As an undergraduate during the 1990s, I majored in historic preservation at a small college in suburban Baltimore. I was drawn to Baltimore city, to neighborhoods with blocks of rundown row houses, some of them boarded up and abandoned.
Studying old architecture was a hands-on experience in the local community and included college-community partnerships and conversations with residents. We worked with museums and with a community group to clean vacant lots and complete low-income housing renovations of historic architecture.
I learned that it’s impossible to study abandoned houses in struggling neighborhoods without asking how things got that way in the first place. For me, a Vermont student with hardly any childhood experience with racial diversity, old buildings in Baltimore became the lens though which I learned that city’s history: from Frederick Douglass as a young slave in Fells Point to the consumer boycotts of the 1930s and post-war urban renewal projects.
The next annual meeting of the National Council on Public History will be held in Baltimore in March of 2016. Public history is a relatively new and growing field that has attracted the participation of traditional academic historians, museum professionals, and community members active in local history. Because of that, it has a reputation for being more inclusive than other professional historical fields: public historians care more about how to share history with the public - and about how to collaborate with the public - than about simply talking amongst themselves. Public history is experiential: it’s about history experienced in place, in the context of community.
Plans for including Baltimore-themed histories at next year’s conference were in the works before Freddie Gray’s death in Baltimore police custody. In the days following last week’s protests, that planning took on a new urgency among historians who see connections between the protests and Baltimore’s history of racial and economic inequality. Meanwhile, area college students joined the protests and college faculty talked solutions, though others rightly pointed out that poor neighborhoods shouldn’t be laboratories for academic inquiry detached from activism.

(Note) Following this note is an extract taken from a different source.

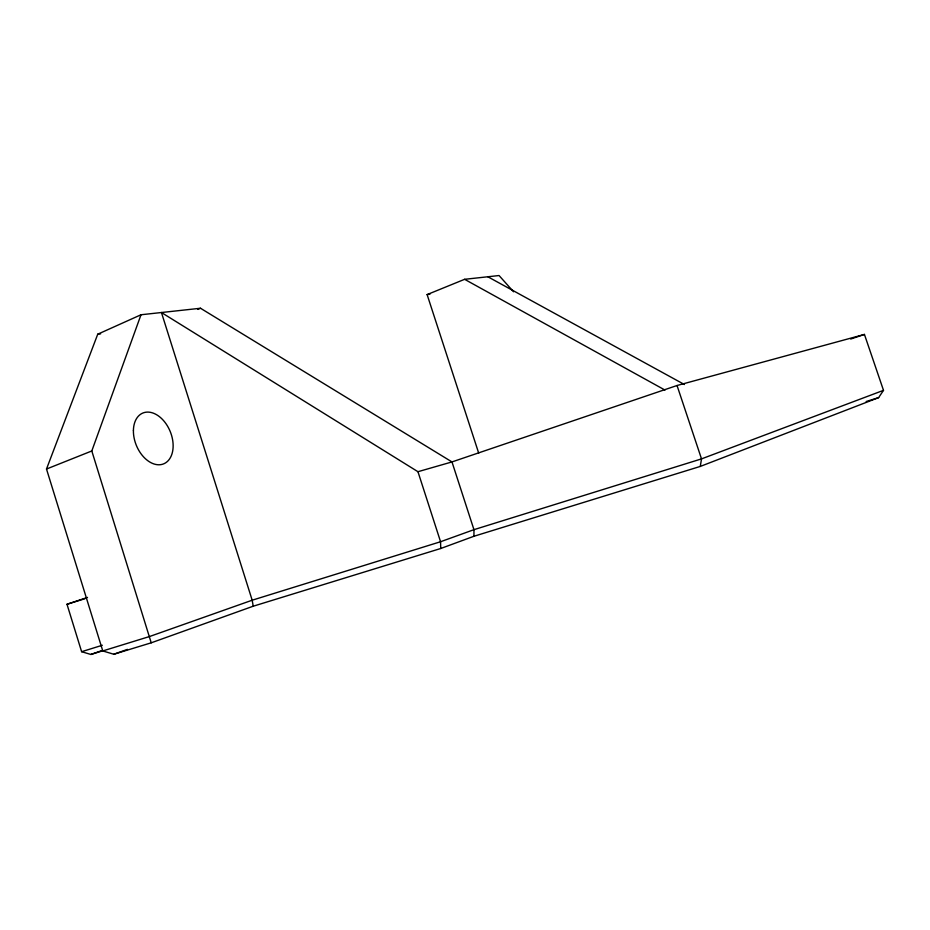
<?xml version="1.0" encoding="UTF-8"?>
<svg xmlns="http://www.w3.org/2000/svg" width="930" height="930" viewBox="0 0 930 930"><rect width="100%" height="100%" fill="white"/><g stroke="black" fill="none" stroke-linecap="round" stroke-linejoin="round"><path stroke-width="1.4" d="M473.951 536.261L473.951 529.67L451.98 461.931L200.508 308.249L141.011 314.759L97.743 334.196L46.5 469.034L102.777 650.942L113.809 654.255L151.218 642.816L253.227 606.209L440.727 548.502L473.951 536.261L700.278 466.43L878.629 397.622L883.5 390.344L864.435 334.428L677.04 385.508L451.98 461.931L417.954 471.708L161.448 312.526L252.181 600.21L253.227 606.209M700.278 466.43L701.511 458.885L677.04 385.508M151.218 642.816L91.803 450.969L141.011 314.759M197.846 309.411L200.508 308.249M478.694 453.108L427.114 294.589L464.616 279.314L499.061 275.536L513.569 291.776M46.5 469.034L91.803 450.969M883.5 390.344L701.511 458.885L473.951 529.67L440.564 541.737L252.181 600.21L149.556 636.515L102.777 650.942M113.809 654.255L127.445 649.373M87.513 597.409L66.995 604.268L81.619 651.698L90.873 654.464L101.835 650.605M850.694 339.043L864.435 334.428M866.179 401.528L878.629 397.622M81.619 651.698L102.323 645.257M66.995 604.268L84.967 598.699M90.873 654.464L103.323 650.616M97.743 334.196L100.614 333.847M427.114 294.589L429.927 294.252M487.843 276.768L684.445 384.532M464.616 279.314L664.973 390.065M417.954 471.708L440.564 541.737L440.727 548.502M133.409 430.404A27.47 18.309 67.8 0 0 162.75 464.186A27.47 18.309 67.8 0 0 163.657 420.72A27.47 18.309 67.8 0 0 133.409 430.404"/></g></svg>

A central challenge of public history is more than simply helping the public experience the past. It’s also about understanding when it’s helpful to publicly draw connections between the past and the present. It’s also about knowing to what extent history can help us understand how we got to where we are.
The present is connected to the past, and I hope that public conversations about Baltimore history will become part of the patchwork of strategies for moving the city into the future.